Котяра отложил ярко начищенный карабин. Подскочил к косачу и, приподняв руками за крылья, а зубами за пернатую шею, закрыв им себе грудь до пояса, заскакал, заскулил, поднося добычу Самарину.
- Ну, ну, Стрелка, умеешь! - потрепал Самарин Котяру по загривку. - Лучше пойди ощипи, да выпотроши, да испеки его, что ли, на кухне. А мы тут пока побеседуем, стол накроем.
- Слушай, Андрюшка, - сказал Саркисин. - Да что мы тут будем, в балке-то! Пошли под елку. Там и зажарим. Все-таки природа. Это больше запомнится.
- Да холодно.
- Ну что ты, холодно! Дров натаскаем, кострище разложим… Скажи, Котяра!
- Вольнее, вольнее, - хохотнул Котяра, поглядывая на заморскую бутыль, на Самарина, за которым ходил как тень, обожая его голос, лицо.
- Ну что, Петрусь, под звезды?
- Согласен, - кивнул Малахов.
Поднялись шумно и молодо. И, выходя из балка, Малахов заметил на полу капельки ружейного масла и крови.
Они выбрали одинокую ель у края болота. Котяра кинул на снег глухаря, неуклюже затанцевал, затоптался, вминая снег, проламывая наст для костровища. Самарин кинул тулуп, выложил на него бутыль, хромированные рюмочки, охотничий нож с инкрустациями. Саркисин обрубал топором сухие, звонкие лапы. Звякало железо. Отражало зарю. Буровая чернела на гаснущей зелени. И убитый глухарь медленно утопал, прожигая теплом свежий наст.
Малахову казалось: там, в глубине, в каменном мешке аргелита, другой огромный глухарь заполнил подземные емкости черной невидимой жизнью. К нему рвется долото победита, кроша костяную твердь. И в клекоте, плеске взорвется в небо, распоров снега, гигантское перо глухаря. Вспыхнет факел, как бровь. Но пока первобытная птица дремлет в яйце аргелита. А они топчутся над ней - их смех, голоса, дыхание.
- Котяра, вон там елка распилена! Для бани-то брали… Пойди притащи! Для костра вот так хватит! - командовал Самарин, весело, бодро взглядывая. - Иди, Петрусь, посиди. Посиди на дорожку…
Костер хрустел, стискивал огонь острым колючим комом. Будто красный лес свернулся в клубок, грыз сам себя. Пламя проедало темные ребра, тонко сочилось. Котяра отдирал от глухаря черные щепы перьев.
- Жаль, что разъедемся, - говорил Саркисин, уставясь в костер чернильными точками. - Как уж тебе, Андрюшка, не знаю, а мне жаль. Я, понимаешь, сроднился. Столько переговорили… Даже больно, правда?
- Да не умираем же! - рассмеялся Самарин. - Будешь в Москве, заходи. Встречу как родного.
- Э, нет! Там-то все по-другому… Это вот тут мы одно, в чащобе. А там мы разные люди. Ты профессорский сын, у тебя вон диссертация на подходе, свои знакомства. Ну, а я что? Был и остался полумастер. О чем ты со мной будешь говорить? Это тут я тебе собеседник, а там?..
- Да ну, перестань! Как не стыдно!.. Любишь ты самоуничижаться… Приезжай, встречу от сердца. Везде своя прелесть. Тут - своя. В Москве - своя… А соскучился я, братцы мои, по Москве!
- Счастливая у тебя натура. Везде ты прелесть находишь. Тебя, наверное, и любят за это. За то, что везде тебе прелесть. Тебе и глухарь за это на голову сел.
- Эй, Котяра! - повернулся Самарин. - Ты петуха-то почище. Да потом опали…
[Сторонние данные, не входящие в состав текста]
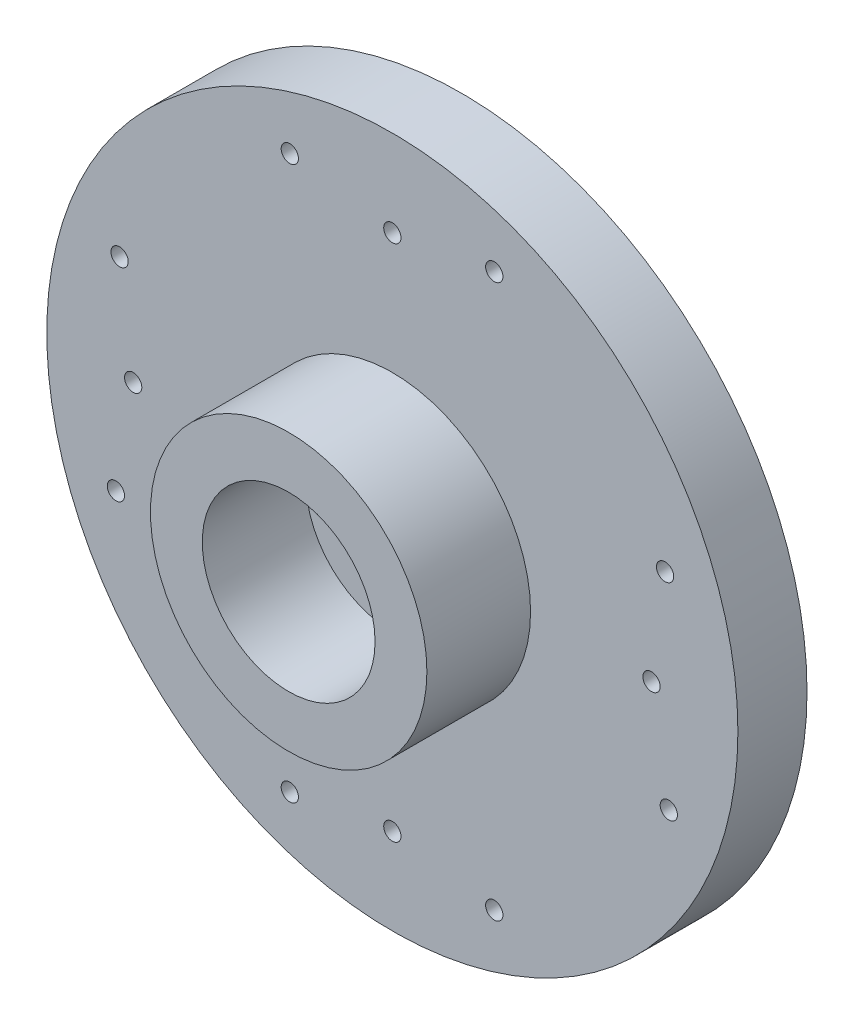
SolidWorks part; units mm, degrees
ref_plane "Plan de face" through (0, 0, 0) normal (0, 0, 1) x (1, 0, 0)
ref_plane "Plan de dessus" through (0, 0, 0) normal (0, 1, 0) x (1, 0, 0)
ref_plane "Plan de droite" through (0, 0, 0) normal (1, 0, 0) x (0, 0, -1)
sketch "Esquisse1" plane through (0, 0, 0) normal (0, 0, 1) x (1, 0, 0)
  circle A0 centre (0, 0) radius 1.2
  circle A1 centre (0, 0) radius 12
  dimension "D1" = 24
  dimension "D2" = 2.4
extrude "Boss.-Extru.2" add sketch "Esquisse1" along normal blind 2.4
sketch "Esquisse3" plane through (0, 0, 2.4) normal (0, 0, 1) x (1, 0, 0)
  circle A0 centre (0, 0) radius 4.8
  circle A1 centre (0, 0) radius 3
  dimension "D1" = 9.6
  dimension "D2" = 6
extrude "Boss.-Extru.3" add sketch "Esquisse3" along normal blind 3.6
sketch "Esquisse4" plane through (0, 0, 2.4) normal (0, 0, 1) x (1, 0, 0)
  line L0 (0, 15.1238) -> (0, -14.7833) construction
  line L1 (-15.294, 0) -> (14.6698, 0) construction
  line L2 (0, 0) -> (-9.6, -3.5607)
  line L3 (0, 0) -> (-3.5607, 9.6)
  circle A0 centre (-9, 0) radius 0.3
  circle A1 centre (-9.4712, 3.5422) radius 0.3
  circle A2 centre (-9.6, -3.5607) radius 0.3
  circle A3 centre (0, 9) radius 0.3
  circle A4 centre (-3.5607, 9.6) radius 0.3
  circle A5 centre (3.5393, 9.6) radius 0.3
  circle A6 centre (9.6, -3.5607) radius 0.3
  circle A7 centre (9, 0) radius 0.3
  circle A8 centre (9.4712, 3.5422) radius 0.3
  circle A9 centre (3.5393, -9.6) radius 0.3
  circle A10 centre (0, -9) radius 0.3
  circle A11 centre (-3.5607, -9.6) radius 0.3
  point P30 (0, 0)
  dimension "D1" = 0.6
  dimension "D2" = 0.6
  dimension "D3" = 0.6
  dimension "D4" = 0.6
  dimension "D5" = 0.6
  dimension "D6" = 0.6
  dimension "D7" = 7.104
  dimension "D8" = 90
  dimension "D9" = 7.1
  dimension "D10" = 9
  dimension "D11" = 9
  dimension "D12" = 9.6
  dimension "D13" = 9.6
  dimension "D14" = 9.6
  dimension "D15" = 20.35
extrude "Enlèv. mat.-Extru.1" cut sketch "Esquisse4" against normal blind 3.6
sketch "Esquisse5" plane through (0, 0, 0) normal (0, 0, -1) x (-1, 0, 0)
  circle A0 centre (0, 0) radius 3.6
  dimension "D1" = 7.2
extrude "Enlèv. mat.-Extru.2" cut sketch "Esquisse5" against normal blind 0.6 contours A0
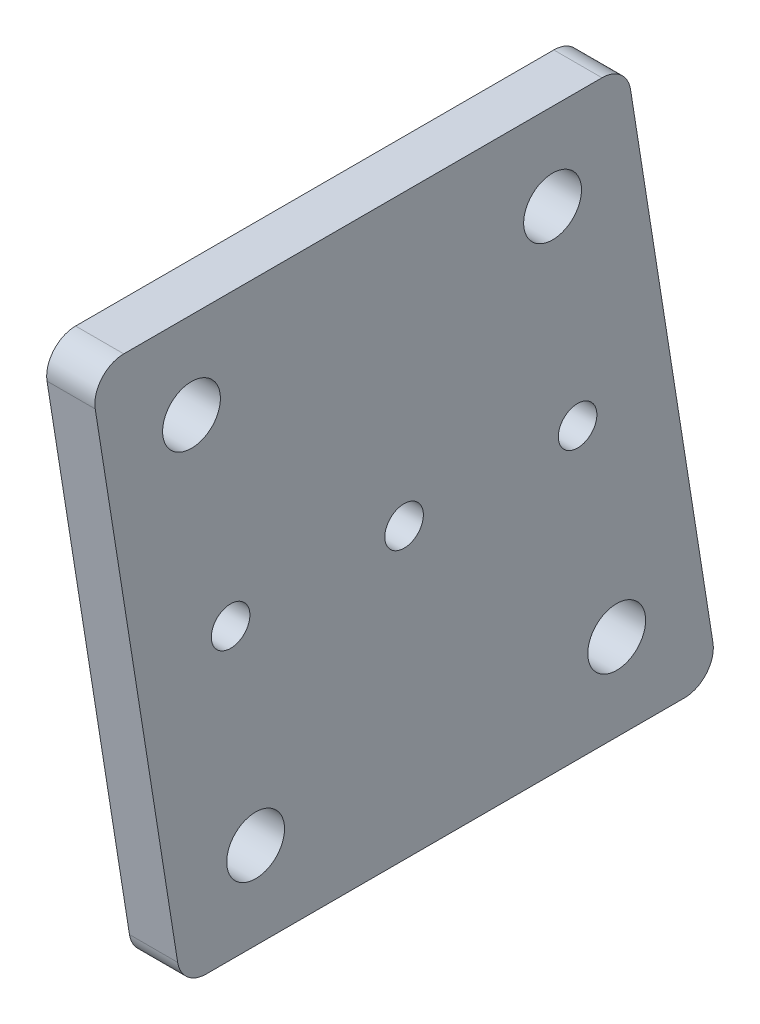
SolidWorks part; units mm, degrees
ref_plane "Front Plane" through (0, 0, 0) normal (0, 0, 1) x (1, 0, 0)
ref_plane "Top Plane" through (0, 0, 0) normal (0, 1, 0) x (1, 0, 0)
ref_plane "Right Plane" through (0, 0, 0) normal (1, 0, 0) x (0, 0, -1)
sketch "Sketch1" plane through (0, 0, 0) normal (1, 0, 0) x (0, 0, -1)
  line L0 (-1.1006, 45.3033) -> (9.4713, -21.4449) construction
  line L1 (-1.1006, 45.3033) -> (24.2111, 45.3033) construction
  line L2 (24.2111, 45.3033) -> (34.783, -21.4449) construction
  line L3 (34.783, -21.4449) -> (9.4713, -21.4449) construction
  line L4 (0, 0) -> (37.4612, 0) construction
  line L5 (0, 0) -> (-6.6521, 42) construction
  line L6 (37.4612, 0) -> (30.8091, 42) construction
  line L7 (-6.6521, 42) -> (30.8091, 42) construction
  line L8 (-3.3261, 21) -> (34.1351, 21) construction
  line L9 (-4.118, 26) -> (33.3432, 26) construction
  line L10 (-2.5342, 16) -> (34.9271, 16) construction
  line L11 (-7.6867, -9) -> (47.9989, -9)
  line L12 (47.9989, -9) -> (38.4958, 51)
  line L13 (38.4958, 51) -> (-17.1898, 51)
  line L14 (-17.1898, 51) -> (-7.6867, -9)
  circle A0 centre (0, 0) radius 6 construction
  circle A1 centre (0, 0) radius 9 construction
  circle A2 centre (0, 0) radius 3
  circle A3 centre (37.4612, 0) radius 3
  circle A4 centre (37.4612, 0) radius 6 construction
  circle A5 centre (37.4612, 0) radius 9 construction
  circle A6 centre (-6.6521, 42) radius 3
  circle A7 centre (-6.6521, 42) radius 6 construction
  circle A8 centre (-6.6521, 42) radius 9 construction
  circle A9 centre (30.8091, 42) radius 3
  circle A10 centre (30.8091, 42) radius 6 construction
  circle A11 centre (30.8091, 42) radius 9 construction
  circle A12 centre (15.4045, 21) radius 2
  circle A13 centre (-2.5955, 21) radius 2
  circle A14 centre (33.4045, 21) radius 2
  dimension "D1" = 18
  dimension "D2" = 12
  dimension "D3" = 6
  dimension "D9" = 18
  dimension "D10" = 18
  dimension "D11" = 4
  dimension "D4" = 99
  dimension "D5" = 25
  dimension "D6" = 42
  dimension "D7" = 5
  dimension "D8" = 5
  dimension "D12" = 60
extrude "Boss-Extrude1" add sketch "Sketch1" along normal blind 5
fillet "Fillet1" radius 3 4 edges at (2.5, 51, -38.4958) (2.5, -9, -47.9989) (2.5, -9, 7.6867) (2.5, 51, 17.1898)

- Вав! - отозвался Котяра. - Есть, ваша честь!
Глухарь, голый, составленный из мускулистых бугров, колыхался на ладонях Котяры. Тот оттягивал петушиную шею, ногу с растопыренными пальцами. Подносил глухаря к огню. Птичьи бока начинали лосниться. Пахло паленым пером, печеной кожей.
- Ты, Андрюшка, не поверишь, как был важен твой приезд сюда, - продолжал Саркисин. - Я тебе не льщу, говорю от сердца. Зачем тебе буду льстить, все равно ведь разъедемся. Но ты, понимаешь… Ты внес какую-то новую атмосферу, что ли. Все как-то изменились около тебя. Новые мысли, чувства. Новые настроения. А то ведь всех засосало в топях-то этих. Сам знаешь, дичь, глухота… Да нет, не отмахивайся! Это я тебе перед отъездом твоим говорю, потому что мне жаль. Вот от этого…
- Да ну, Марик! Ну станем писать друг другу… Встречаться. Самолетами ведь очень просто! - ответил Самарин благодарно.